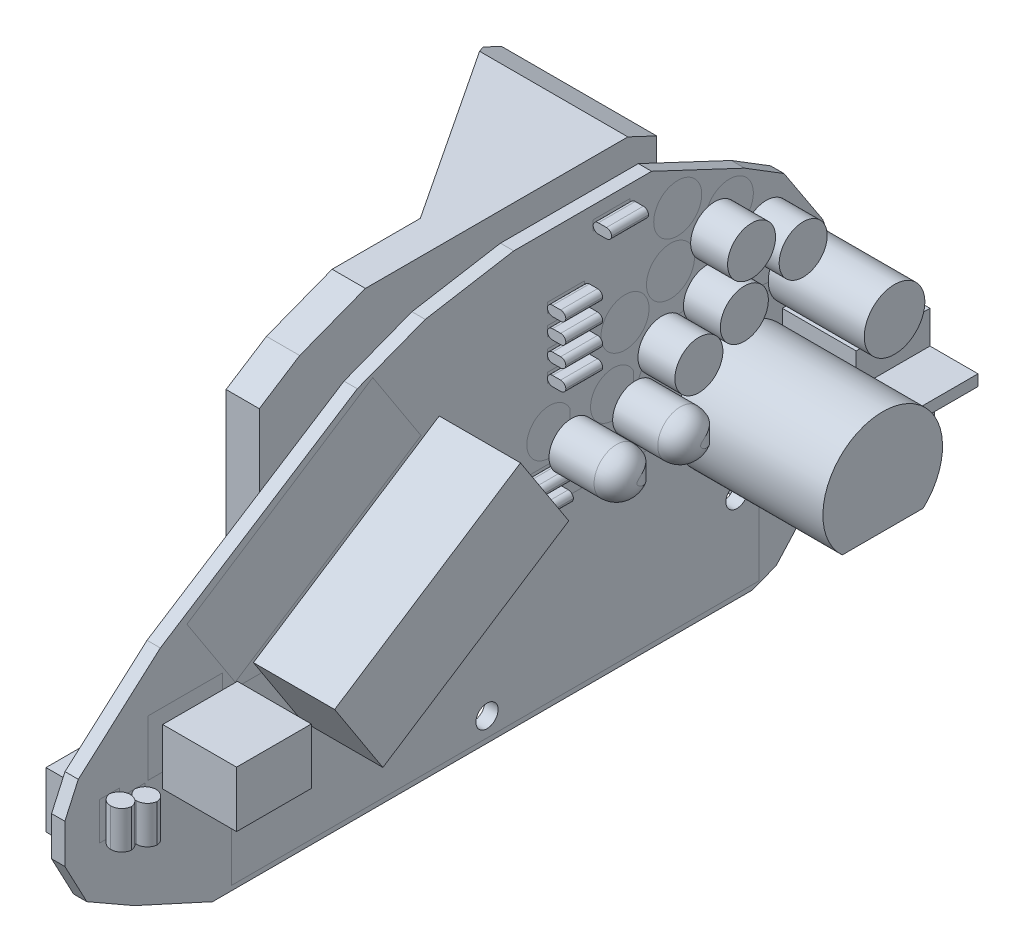
SolidWorks part; units mm, degrees
ref_plane "Alzado" through (0, 0, 0) normal (0, 0, 1) x (1, 0, 0)
ref_plane "Planta" through (0, 0, 0) normal (0, 1, 0) x (1, 0, 0)
ref_plane "Vista lateral" through (0, 0, 0) normal (1, 0, 0) x (0, 0, -1)
sketch "Croquis2" plane through (0, 0, 0) normal (1, 0, 0) x (0, 0, -1)
  line L0 (0.8299, 61.8219) -> (77.8633, 61.8219) construction
  line L1 (0, 0) -> (73, 0)
  line L2 (73, 0) -> (76.3008, 1.2365)
  line L3 (76.3008, 1.2365) -> (84.1489, 9.9615)
  line L4 (84.1489, 9.9615) -> (86.8383, 17.5094)
  line L5 (86.8383, 17.5094) -> (86.8383, 26.9193)
  line L6 (86.8383, 26.9193) -> (82.6155, 38.6955)
  line L7 (82.6155, 38.6955) -> (77.3688, 46.7034)
  line L9 (59.4482, 55.9264) -> (40.7811, 55.9264)
  line L10 (40.7811, 55.9264) -> (28.7946, 53.8855)
  line L11 (28.7946, 53.8855) -> (19.5987, 50.3479)
  line L12 (19.5987, 50.3479) -> (-7.0714, 33.2917)
  line L13 (-7.0714, 33.2917) -> (-18.1778, 23.4452)
  line L14 (-18.1778, 23.4452) -> (-19.9972, 19.4355)
  line L15 (-19.9972, 19.4355) -> (-19.9972, 14.1335)
  line L16 (-19.9972, 14.1335) -> (-17.0205, 8.5127)
  line L17 (-17.0205, 8.5127) -> (-10.6227, 4.8547)
  line L18 (-10.6227, 4.8547) -> (0, 0)
  line L19 (77.3688, 46.7034) -> (72.037, 49.9995)
  line L20 (72.037, 49.9995) -> (59.4482, 55.9264)
  dimension "D1" = 73
  dimension "D2" = 19.5987
  dimension "D3" = 28.7946
  dimension "D4" = 40.7811
  dimension "D5" = 59.4482
  dimension "D6" = 72.037
  dimension "D7" = 76.3008
  dimension "D8" = 77.3688
  dimension "D9" = 82.6155
  dimension "D10" = 84.1489
  dimension "D11" = 86.8383
  dimension "D12" = 7.0714
  dimension "D13" = 10.6227
  dimension "D14" = 17.0205
  dimension "D15" = 18.1778
  dimension "D16" = 19.9972
  dimension "D17" = 1.2365
  dimension "D18" = 4.8547
  dimension "D19" = 8.5127
  dimension "D20" = 9.9615
  dimension "D21" = 14.1335
  dimension "D22" = 17.5094
  dimension "D23" = 19.4355
  dimension "D24" = 23.4452
  dimension "D25" = 26.9193
  dimension "D26" = 33.2917
  dimension "D27" = 38.6955
  dimension "D28" = 46.7034
  dimension "D29" = 49.9995
  dimension "D30" = 50.3479
  dimension "D31" = 53.8855
  dimension "D32" = 55.9264
  dimension "D33" = 61.8219
sketch "Croquis4" plane through (0, 0, 0) normal (1, 0, 0) x (0, 0, -1)
  line L0 (-10.6227, 4.8547) -> (0, 0) construction
  line L1 (0, 0) -> (73, 0) construction
  line L2 (73, 0) -> (76.3008, 1.2365) construction
  line L3 (76.3008, 1.2365) -> (84.1489, 9.9615) construction
  line L4 (84.1489, 9.9615) -> (86.8383, 17.5094) construction
  line L5 (86.8383, 17.5094) -> (86.8383, 26.9193) construction
  line L6 (86.8383, 26.9193) -> (82.6155, 38.6955) construction
  line L7 (82.6155, 38.6955) -> (77.3688, 46.7034) construction
  line L8 (77.3688, 46.7034) -> (72.037, 49.9995) construction
  line L9 (72.037, 49.9995) -> (59.4482, 55.9264) construction
  line L10 (59.4482, 55.9264) -> (40.7811, 55.9264) construction
  line L11 (40.7811, 55.9264) -> (28.7946, 53.8855) construction
  line L12 (28.7946, 53.8855) -> (19.5987, 50.3479) construction
  line L13 (19.5987, 50.3479) -> (-7.0714, 33.2917) construction
  line L14 (-7.0714, 33.2917) -> (-18.1778, 23.4452) construction
  line L15 (-18.1778, 23.4452) -> (-19.9972, 19.4355) construction
  line L16 (-19.9972, 19.4355) -> (-19.9972, 14.1335) construction
  line L17 (-19.9972, 14.1335) -> (-17.0205, 8.5127) construction
  line L18 (-17.0205, 8.5127) -> (-10.6227, 4.8547) construction
  line L19 (-10.6227, 4.8547) -> (0, 0)
  line L20 (0, 0) -> (73, 0)
  line L21 (73, 0) -> (76.3008, 1.2365)
  line L22 (76.3008, 1.2365) -> (84.1489, 9.9615)
  line L23 (84.1489, 9.9615) -> (86.8383, 17.5094)
  line L24 (86.8383, 17.5094) -> (86.8383, 26.9193)
  line L25 (86.8383, 26.9193) -> (82.6155, 38.6955)
  line L26 (82.6155, 38.6955) -> (77.3688, 46.7034)
  line L27 (77.3688, 46.7034) -> (72.037, 49.9995)
  line L28 (72.037, 49.9995) -> (59.4482, 55.9264)
  line L29 (59.4482, 55.9264) -> (40.7811, 55.9264)
  line L30 (40.7811, 55.9264) -> (28.7946, 53.8855)
  line L31 (28.7946, 53.8855) -> (19.5987, 50.3479)
  line L32 (19.5987, 50.3479) -> (-7.0714, 33.2917)
  line L33 (-7.0714, 33.2917) -> (-18.1778, 23.4452)
  line L34 (-18.1778, 23.4452) -> (-19.9972, 19.4355)
  line L35 (-19.9972, 19.4355) -> (-19.9972, 14.1335)
  line L36 (-19.9972, 14.1335) -> (-17.0205, 8.5127)
  line L37 (-17.0205, 8.5127) -> (-10.6227, 4.8547)
extrude "Saliente-Extruir1" add sketch "Croquis4" along normal mid plane 1.8
sketch "Croquis5" plane through (0.9, 0, 0) normal (1, 0, 0) x (0, 0, -1)
  line L0 (-3.4698, 34.2759) -> (21.6903, 50.6151)
  line L1 (2.5913, 23.5294) -> (73.9913, 23.5294)
  line L2 (2.5913, 23.5294) -> (2.5913, 0.6294)
  line L3 (2.5913, 0.6294) -> (73.9913, 0.6294)
  line L4 (73.9913, 23.5294) -> (73.9913, 0.6294)
  line L5 (-8.7511, 26.1581) -> (1.3689, 26.1581)
  line L6 (-8.7511, 26.1581) -> (-8.7511, 18.5981)
  line L7 (-8.7511, 18.5981) -> (1.3689, 18.5981)
  line L8 (1.3689, 26.1581) -> (1.3689, 18.5981)
  line L9 (-15.2907, 19.6378) -> (-12.6307, 19.6378)
  line L10 (-15.2907, 19.6378) -> (-15.2907, 14.5278)
  line L11 (-15.2907, 14.5278) -> (-12.6307, 14.5278)
  line L12 (-12.6307, 19.6378) -> (-12.6307, 14.5278)
  line L13 (-11.8086, 18.4993) -> (-9.1486, 18.4993)
  line L14 (-11.8086, 18.4993) -> (-11.8086, 13.3893)
  line L15 (-11.8086, 13.3893) -> (-9.1486, 13.3893)
  line L16 (-9.1486, 18.4993) -> (-9.1486, 13.3893)
  line L17 (-3.4698, 34.2759) -> (3.0658, 24.2119)
  line L18 (21.6903, 50.6151) -> (28.226, 40.5511)
  line L19 (3.0658, 24.2119) -> (28.226, 40.5511)
  line L20 (0, 0) -> (73, 0) construction
  line L21 (75.6392, 27.0879) -> (85.7592, 27.0879)
  line L22 (75.6392, 27.0879) -> (75.6392, 19.5279)
  line L23 (75.6392, 19.5279) -> (85.7592, 19.5279)
  line L24 (85.7592, 27.0879) -> (85.7592, 19.5279)
  line L25 (74.1392, 28.0879) -> (84.1392, 28.0879)
  line L26 (74.1392, 28.0879) -> (74.1392, 34.0189)
  line L27 (74.1392, 34.0189) -> (84.1392, 34.0189)
  line L28 (84.1392, 28.0879) -> (84.1392, 34.0189)
  line L29 (48.3649, 30.915) -> (48.3649, 33.6844)
  line L30 (56.9859, 33.7818) -> (56.9859, 31.0124)
  line L32 (28.8788, 27.2935) -> (34.0788, 27.2935)
  line L33 (28.8788, 27.2935) -> (28.8788, 24.6435)
  line L34 (28.8788, 24.6435) -> (34.0788, 24.6435)
  line L35 (34.0788, 27.2935) -> (34.0788, 24.6435)
  line L36 (45.3296, 47.6238) -> (50.3296, 47.6238)
  line L37 (45.3296, 47.6238) -> (45.3296, 46.2938)
  line L38 (45.3296, 46.2938) -> (50.3296, 46.2938)
  line L39 (50.3296, 47.6238) -> (50.3296, 46.2938)
  line L40 (45.3296, 44.8838) -> (50.3296, 44.8838)
  line L41 (45.3296, 44.8838) -> (45.3296, 43.5538)
  line L42 (45.3296, 43.5538) -> (50.3296, 43.5538)
  line L43 (50.3296, 44.8838) -> (50.3296, 43.5538)
  line L44 (45.3296, 42.1438) -> (50.3296, 42.1438)
  line L45 (45.3296, 42.1438) -> (45.3296, 40.8138)
  line L46 (45.3296, 40.8138) -> (50.3296, 40.8138)
  line L47 (50.3296, 42.1438) -> (50.3296, 40.8138)
  line L48 (45.3296, 39.4038) -> (50.3296, 39.4038)
  line L49 (45.3296, 39.4038) -> (45.3296, 38.0738)
  line L50 (45.3296, 38.0738) -> (50.3296, 38.0738)
  line L51 (50.3296, 39.4038) -> (50.3296, 38.0738)
  line L52 (41.3607, 28.5694) -> (46.3607, 28.5694)
  line L53 (41.3607, 28.5694) -> (41.3607, 27.2394)
  line L54 (41.3607, 27.2394) -> (46.3607, 27.2394)
  line L55 (46.3607, 28.5694) -> (46.3607, 27.2394)
  line L56 (41.3607, 26.0194) -> (46.3607, 26.0194)
  line L57 (41.3607, 26.0194) -> (41.3607, 24.6894)
  line L58 (41.3607, 24.6894) -> (46.3607, 24.6894)
  line L59 (46.3607, 26.0194) -> (46.3607, 24.6894)
  line L60 (51.5296, 54.1938) -> (56.5296, 54.1938)
  line L61 (51.5296, 54.1938) -> (51.5296, 52.8638)
  line L62 (51.5296, 52.8638) -> (56.5296, 52.8638)
  line L63 (56.5296, 54.1938) -> (56.5296, 52.8638)
  circle A0 centre (65.2392, 29.5) radius 8.1
  circle A1 centre (75.3392, 39.1189) radius 4.1
  arc A2 (48.3649, 33.6844) -> (48.3649, 30.915) centre (45.6249, 32.2997) ccw
  arc A3 (56.9859, 33.7818) -> (56.9859, 31.0124) centre (54.2459, 32.3971) ccw
  circle A4 centre (69.9704, 46.5024) radius 3.25
  circle A5 centre (62.9828, 49.8363) radius 3.25
  circle A6 centre (62.0052, 42.9497) radius 3.25
  circle A7 centre (55.8488, 40.0099) radius 3.25
  point P37 (73.3392, 29.5)
  point P39 (75.3392, 35.0189)
  dimension "D25" = 16.2
  dimension "D28" = 8.2
  dimension "D31" = 6.14
  dimension "D53" = 6.5
  dimension "D1" = 71.4
  dimension "D2" = 22.9
  dimension "D3" = 2.5913
  dimension "D4" = 0.6294
  dimension "D5" = 10.12
  dimension "D6" = 7.56
  dimension "D7" = 18.5981
  dimension "D8" = 1.3689
  dimension "D9" = 2.66
  dimension "D10" = 5.11
  dimension "D11" = 14.5278
  dimension "D12" = 12.6307
  dimension "D13" = 13.3893
  dimension "D14" = 9.1486
  dimension "D15" = 12
  dimension "D16" = 30
  dimension "D17" = 33
  dimension "D18" = 24.2119
  dimension "D19" = 3.0658
  dimension "D20" = 19.5279
  dimension "D21" = 75.6392
  dimension "D22" = 1
  dimension "D23" = 5.931
  dimension "20" = 10
  dimension "D24" = 1.5
  dimension "D26" = 29.5
  dimension "D27" = 0.8
  dimension "D29" = 1
  dimension "D30" = 1.2
  dimension "D32" = 32.2997
  dimension "D33" = 44.256
  dimension "D34" = 8.621
  dimension "D35" = 0.0974
  dimension "D36" = 2.74
  dimension "D37" = 2.65
  dimension "D38" = 5.2
  dimension "D39" = 24.6435
  dimension "D40" = 28.8788
  dimension "D41" = 1.33
  dimension "D42" = 5
  dimension "D43" = 1.41
  dimension "D44" = 1.41
  dimension "D45" = 1.41
  dimension "D46" = 38.0738
  dimension "D47" = 25.3096
  dimension "D48" = 1.16
  dimension "D49" = 1.22
  dimension "D50" = 27.6307
  dimension "D51" = 1.2
  dimension "D52" = 5.24
  dimension "D54" = 55.8488
  dimension "D55" = 40.0099
  dimension "D56" = 6.1565
  dimension "D57" = 2.9399
  dimension "D58" = 6.8866
  dimension "D59" = 0.9775
  dimension "D60" = 6.9876
  dimension "D61" = 3.3339
split line "Línea de partición1"
sketch "Croquis6" plane through (-0.9, 0, 0) normal (-1, 0, 0) x (0, 0, 1)
  line L0 (-2.5913, 23.5294) -> (-2.5913, 0.6294) construction
  line L1 (-2.5913, 0.6294) -> (-73.9913, 0.6294) construction
  line L2 (-73.9913, 0.6294) -> (-73.9913, 23.5294) construction
  line L4 (-2.5913, 23.5294) -> (-2.5913, 0.6294)
  line L5 (-2.5913, 0.6294) -> (-73.9913, 0.6294)
  line L6 (-73.9913, 0.6294) -> (-73.9913, 23.5294)
  line L7 (-73.9913, 23.5294) -> (-2.5913, 23.5294)
  line L8 (8.7511, 18.5981) -> (-1.3689, 18.5981) construction
  line L9 (-81.9748, 18.5065) -> (-74.4148, 18.5065)
  line L10 (-81.9748, 18.5065) -> (-81.9748, 8.3865)
  line L11 (-81.9748, 8.3865) -> (-74.4148, 8.3865)
  line L12 (-74.4148, 18.5065) -> (-74.4148, 8.3865)
  line L13 (8.7511, 26.1581) -> (8.7511, 18.5981) construction
  line L14 (-85.7592, 27.0879) -> (-75.6392, 27.0879) construction
  line L15 (-75.6392, 27.0879) -> (-75.6392, 19.5279) construction
  line L17 (-1.3689, 13.2116) -> (8.7511, 13.2116)
  line L18 (-1.3689, 13.2116) -> (-1.3689, 5.6516)
  line L19 (-1.3689, 5.6516) -> (8.7511, 5.6516)
  line L20 (8.7511, 13.2116) -> (8.7511, 5.6516)
  line L21 (-67.93, 23.8894) -> (-14.13, 23.8894)
  line L22 (-67.93, 23.8894) -> (-67.93, 53.7694)
  line L23 (-67.93, 53.7694) -> (-14.13, 53.7694)
  line L24 (-14.13, 23.8894) -> (-14.13, 53.7694)
  dimension "D1" = 0.4234
  dimension "D2" = 5.0229
  dimension "D3" = 5.6516
  dimension "D4" = 29.88
  dimension "D5" = 53.8
  dimension "D6" = 0.36
  dimension "D7" = 14.13
split line "Línea de partición2"
sketch "Croquis7" plane through (0.9, 0, 0) normal (1, 0, 0) x (0, 0, -1)
  line L4 (1.3689, 26.1581) -> (-8.7511, 26.1581)
  line L5 (-8.7511, 26.1581) -> (-8.7511, 18.5981)
  line L6 (-8.7511, 18.5981) -> (1.3689, 18.5981)
  line L7 (1.3689, 18.5981) -> (1.3689, 26.1581)
  line L8 (1.3689, 26.1581) -> (-8.7511, 26.1581)
  line L9 (-8.7511, 26.1581) -> (-8.7511, 18.5981)
  line L10 (-8.7511, 18.5981) -> (1.3689, 18.5981)
  line L11 (1.3689, 18.5981) -> (1.3689, 26.1581)
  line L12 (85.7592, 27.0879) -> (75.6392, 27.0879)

════════════════

## What this task involves
Within the listing above, extract exactly the lines from the line with "line L35 (34.0788, 27.2935)" to the line with "circle A4 centre", the two named lines included, and no others.

## Exercise result
  line L35 (34.0788, 27.2935) -> (34.0788, 24.6435)
  line L36 (45.3296, 47.6238) -> (50.3296, 47.6238)
  line L37 (45.3296, 47.6238) -> (45.3296, 46.2938)
  line L38 (45.3296, 46.2938) -> (50.3296, 46.2938)
  line L39 (50.3296, 47.6238) -> (50.3296, 46.2938)
  line L40 (45.3296, 44.8838) -> (50.3296, 44.8838)
  line L41 (45.3296, 44.8838) -> (45.3296, 43.5538)
  line L42 (45.3296, 43.5538) -> (50.3296, 43.5538)
  line L43 (50.3296, 44.8838) -> (50.3296, 43.5538)
  line L44 (45.3296, 42.1438) -> (50.3296, 42.1438)
  line L45 (45.3296, 42.1438) -> (45.3296, 40.8138)
  line L46 (45.3296, 40.8138) -> (50.3296, 40.8138)
  line L47 (50.3296, 42.1438) -> (50.3296, 40.8138)
  line L48 (45.3296, 39.4038) -> (50.3296, 39.4038)
  line L49 (45.3296, 39.4038) -> (45.3296, 38.0738)
  line L50 (45.3296, 38.0738) -> (50.3296, 38.0738)
  line L51 (50.3296, 39.4038) -> (50.3296, 38.0738)
  line L52 (41.3607, 28.5694) -> (46.3607, 28.5694)
  line L53 (41.3607, 28.5694) -> (41.3607, 27.2394)
  line L54 (41.3607, 27.2394) -> (46.3607, 27.2394)
  line L55 (46.3607, 28.5694) -> (46.3607, 27.2394)
  line L56 (41.3607, 26.0194) -> (46.3607, 26.0194)
  line L57 (41.3607, 26.0194) -> (41.3607, 24.6894)
  line L58 (41.3607, 24.6894) -> (46.3607, 24.6894)
  line L59 (46.3607, 26.0194) -> (46.3607, 24.6894)
  line L60 (51.5296, 54.1938) -> (56.5296, 54.1938)
  line L61 (51.5296, 54.1938) -> (51.5296, 52.8638)
  line L62 (51.5296, 52.8638) -> (56.5296, 52.8638)
  line L63 (56.5296, 54.1938) -> (56.5296, 52.8638)
  circle A0 centre (65.2392, 29.5) radius 8.1
  circle A1 centre (75.3392, 39.1189) radius 4.1
  arc A2 (48.3649, 33.6844) -> (48.3649, 30.915) centre (45.6249, 32.2997) ccw
  arc A3 (56.9859, 33.7818) -> (56.9859, 31.0124) centre (54.2459, 32.3971) ccw
  circle A4 centre (69.9704, 46.5024) radius 3.25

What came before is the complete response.